_What is required_
Without the pictures, write the listing out again exactly as it appears.
*** Block opens ***
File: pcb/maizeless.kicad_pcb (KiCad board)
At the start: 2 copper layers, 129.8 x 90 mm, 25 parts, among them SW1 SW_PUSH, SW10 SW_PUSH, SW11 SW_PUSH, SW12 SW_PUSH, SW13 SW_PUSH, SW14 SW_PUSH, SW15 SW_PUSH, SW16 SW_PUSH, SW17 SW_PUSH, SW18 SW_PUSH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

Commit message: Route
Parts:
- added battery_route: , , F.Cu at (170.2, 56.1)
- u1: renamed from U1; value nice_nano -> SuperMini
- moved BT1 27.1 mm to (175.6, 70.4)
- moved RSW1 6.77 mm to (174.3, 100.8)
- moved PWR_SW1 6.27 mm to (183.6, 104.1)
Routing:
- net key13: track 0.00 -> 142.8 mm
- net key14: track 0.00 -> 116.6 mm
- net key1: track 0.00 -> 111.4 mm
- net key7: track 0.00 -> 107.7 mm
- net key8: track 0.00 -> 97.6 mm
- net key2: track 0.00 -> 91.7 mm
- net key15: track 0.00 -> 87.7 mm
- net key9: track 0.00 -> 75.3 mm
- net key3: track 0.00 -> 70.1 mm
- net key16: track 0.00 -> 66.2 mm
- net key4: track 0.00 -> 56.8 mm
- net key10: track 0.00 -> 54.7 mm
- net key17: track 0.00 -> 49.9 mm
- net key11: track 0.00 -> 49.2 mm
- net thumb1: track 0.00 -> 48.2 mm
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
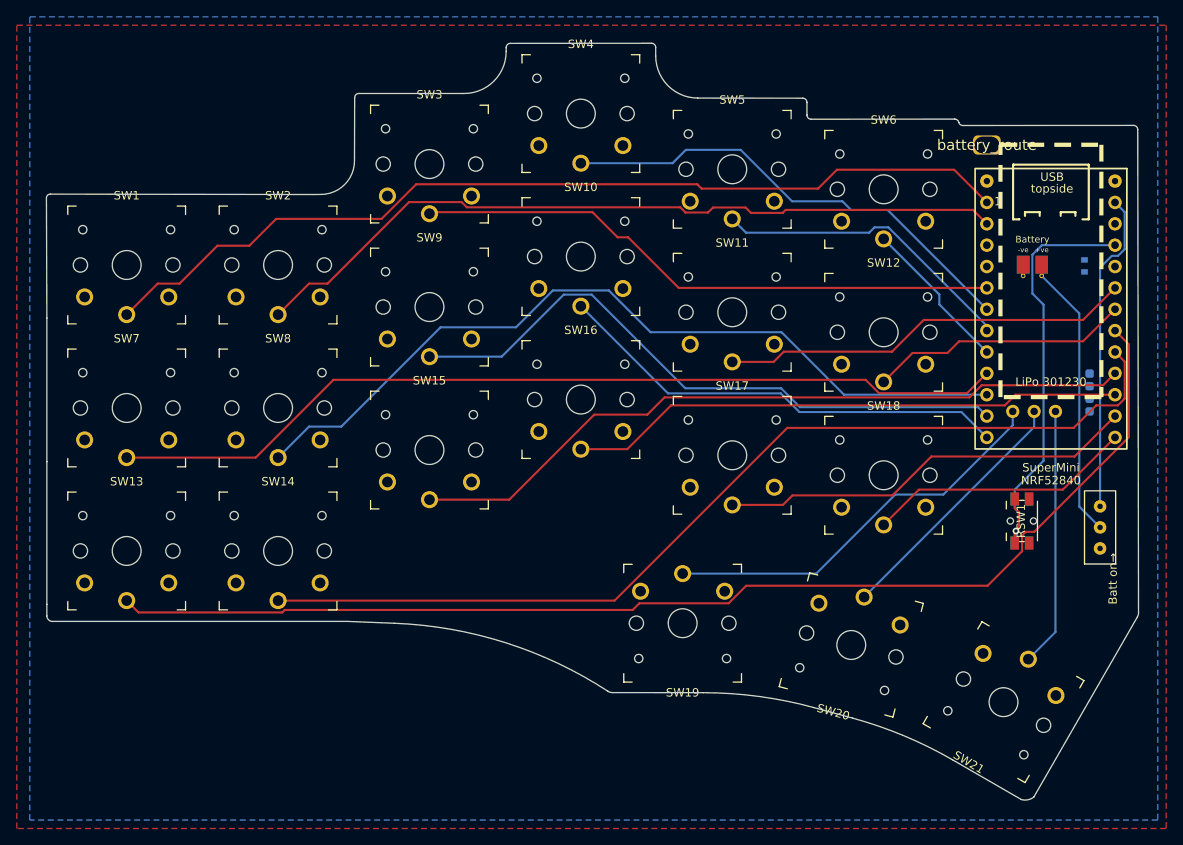
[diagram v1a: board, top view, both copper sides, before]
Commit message: Shift thumb3, remove switch labels
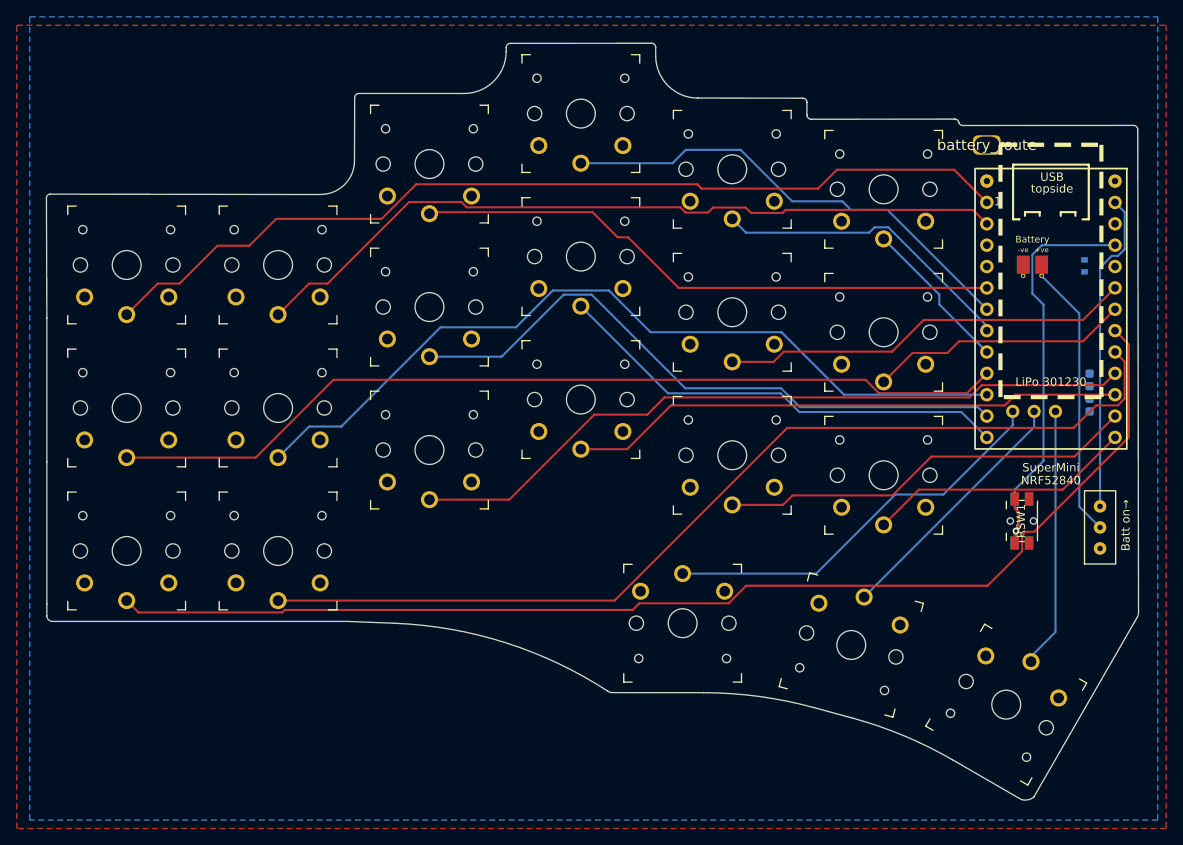
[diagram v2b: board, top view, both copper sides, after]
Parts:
- moved SW21 0.44 mm to (172.5, 122.7)
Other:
- board text added: "+ve"
- board text added: "-ve"
- board text added: "Battery"

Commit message: Route and fix DRC errors
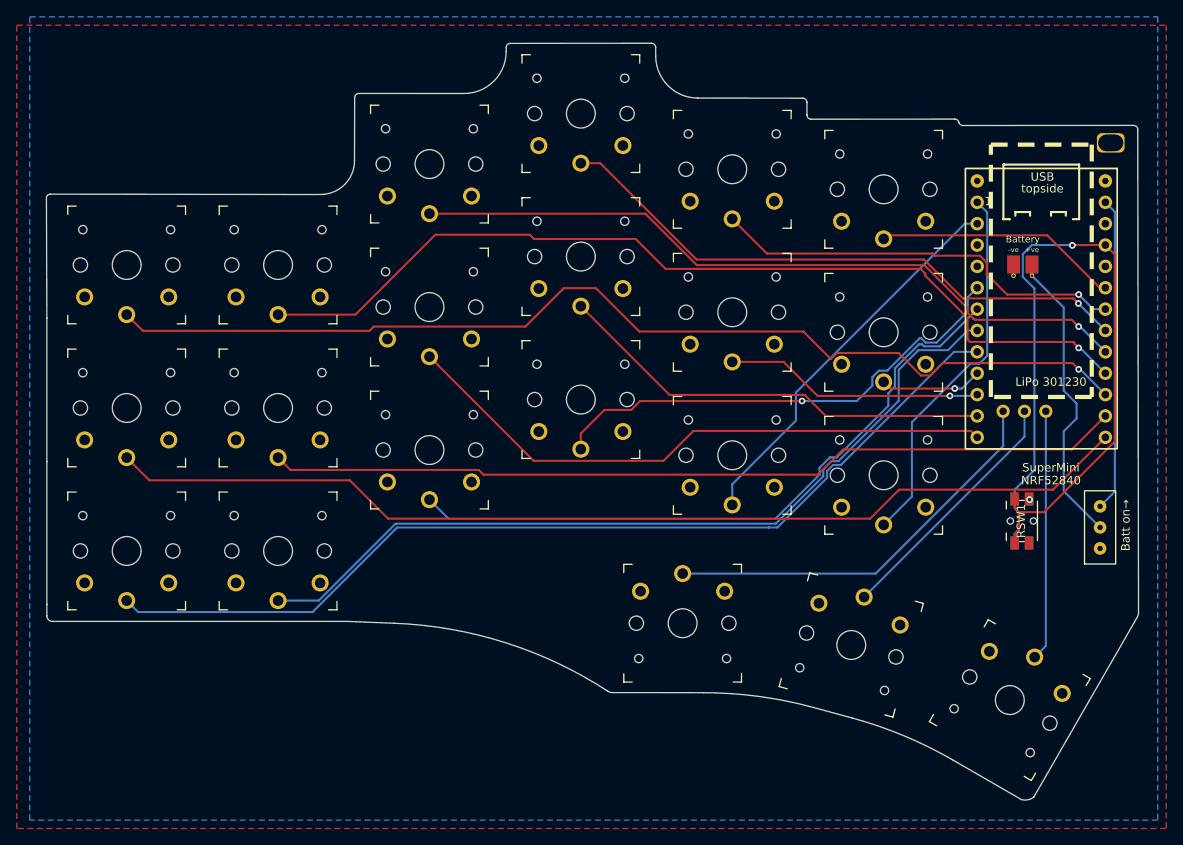
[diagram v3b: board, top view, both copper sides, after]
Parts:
- removed battery_route: , 
- added REF**: routing_via, lib:routing_via, F.Cu at (184.9, 55.9)
- u1: value SuperMini -> nice_nano
- moved BT1 1.15 mm to (174.5, 70.3)
- moved u1 1.15 mm to (169.0, 60.4)
- moved SW21 0.69 mm to (172.9, 122.1)
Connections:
- u1 pad 1: key1 -> key18
- u1 pad 10: key8 -> key11
- u1 pad 11: key9 -> key10
- u1 pad 12: key10 -> key9
- u1 pad 17: key11 -> key6
- u1 pad 18: key12 -> key5
- u1 pad 19: key13 -> key4
- u1 pad 2: key2 -> key17
- u1 pad 20: key14 -> key3
- u1 pad 21: key15 -> key2
- u1 pad 22: key16 -> key1
- u1 pad 23: key17 -> key8
- u1 pad 24: key18 -> key7
- u1 pad 5: key3 -> key16
- u1 pad 6: key4 -> key15
- u1 pad 7: key5 -> key14
- u1 pad 8: key6 -> key13
- u1 pad 9: key7 -> key12
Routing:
- net reset: track 52.6 -> 91.0 mm
- net key13: track 142.8 -> 115.0 mm
- net key2: track 91.7 -> 110.9 mm, vias 0 -> 1
- net key12: track 31.1 -> 12.2 mm, vias 0 -> 1
- net key11: track 49.2 -> 31.1 mm, vias 0 -> 1
- net key14: track 116.6 -> 99.1 mm
- net key3: track 70.1 -> 87.5 mm, vias 0 -> 1
- net key7: track 107.7 -> 123.4 mm
- net key1: track 111.4 -> 126.3 mm, vias 0 -> 1
- net key4: track 56.8 -> 70.6 mm, vias 0 -> 1
- net key5: track 36.6 -> 49.6 mm, vias 0 -> 1
- net key18: track 31.8 -> 44.6 mm
- net key6: track 18.5 -> 29.1 mm
- net key15: track 87.7 -> 79.2 mm
- net key16: track 66.2 -> 58.2 mm, vias 0 -> 1
*** Block closes ***
_Output of the exercise_
File: pcb/maizeless.kicad_pcb (KiCad board)
At the start: 2 copper layers, 129.8 x 90 mm, 25 parts, among them SW1 SW_PUSH, SW10 SW_PUSH, SW11 SW_PUSH, SW12 SW_PUSH, SW13 SW_PUSH, SW14 SW_PUSH, SW15 SW_PUSH, SW16 SW_PUSH, SW17 SW_PUSH, SW18 SW_PUSH

Commit message: Route
Parts:
- added battery_route: , , F.Cu at (170.2, 56.1)
- u1: renamed from U1; value nice_nano -> SuperMini
- moved BT1 27.1 mm to (175.6, 70.4)
- moved RSW1 6.77 mm to (174.3, 100.8)
- moved PWR_SW1 6.27 mm to (183.6, 104.1)
Routing:
- net key13: track 0.00 -> 142.8 mm
- net key14: track 0.00 -> 116.6 mm
- net key1: track 0.00 -> 111.4 mm
- net key7: track 0.00 -> 107.7 mm
- net key8: track 0.00 -> 97.6 mm
- net key2: track 0.00 -> 91.7 mm
- net key15: track 0.00 -> 87.7 mm
- net key9: track 0.00 -> 75.3 mm
- net key3: track 0.00 -> 70.1 mm
- net key16: track 0.00 -> 66.2 mm
- net key4: track 0.00 -> 56.8 mm
- net key10: track 0.00 -> 54.7 mm
- net key17: track 0.00 -> 49.9 mm
- net key11: track 0.00 -> 49.2 mm
- net thumb1: track 0.00 -> 48.2 mm

[diagram v1a: board, top view, both copper sides, before]
Commit message: Shift thumb3, remove switch labels
[diagram v2b: board, top view, both copper sides, after]
Parts:
- moved SW21 0.44 mm to (172.5, 122.7)
Other:
- board text added: "+ve"
- board text added: "-ve"
- board text added: "Battery"

Commit message: Route and fix DRC errors
[diagram v3b: board, top view, both copper sides, after]
Parts:
- removed battery_route: , 
- added REF**: routing_via, lib:routing_via, F.Cu at (184.9, 55.9)
- u1: value SuperMini -> nice_nano
- moved BT1 1.15 mm to (174.5, 70.3)
- moved u1 1.15 mm to (169.0, 60.4)
- moved SW21 0.69 mm to (172.9, 122.1)
Connections:
- u1 pad 1: key1 -> key18
- u1 pad 10: key8 -> key11
- u1 pad 11: key9 -> key10
- u1 pad 12: key10 -> key9
- u1 pad 17: key11 -> key6
- u1 pad 18: key12 -> key5
- u1 pad 19: key13 -> key4
- u1 pad 2: key2 -> key17
- u1 pad 20: key14 -> key3
- u1 pad 21: key15 -> key2
- u1 pad 22: key16 -> key1
- u1 pad 23: key17 -> key8
- u1 pad 24: key18 -> key7
- u1 pad 5: key3 -> key16
- u1 pad 6: key4 -> key15
- u1 pad 7: key5 -> key14
- u1 pad 8: key6 -> key13
- u1 pad 9: key7 -> key12
Routing:
- net reset: track 52.6 -> 91.0 mm
- net key13: track 142.8 -> 115.0 mm
- net key2: track 91.7 -> 110.9 mm, vias 0 -> 1
- net key12: track 31.1 -> 12.2 mm, vias 0 -> 1
- net key11: track 49.2 -> 31.1 mm, vias 0 -> 1
- net key14: track 116.6 -> 99.1 mm
- net key3: track 70.1 -> 87.5 mm, vias 0 -> 1
- net key7: track 107.7 -> 123.4 mm
- net key1: track 111.4 -> 126.3 mm, vias 0 -> 1
- net key4: track 56.8 -> 70.6 mm, vias 0 -> 1
- net key5: track 36.6 -> 49.6 mm, vias 0 -> 1
- net key18: track 31.8 -> 44.6 mm
- net key6: track 18.5 -> 29.1 mm
- net key15: track 87.7 -> 79.2 mm
- net key16: track 66.2 -> 58.2 mm, vias 0 -> 1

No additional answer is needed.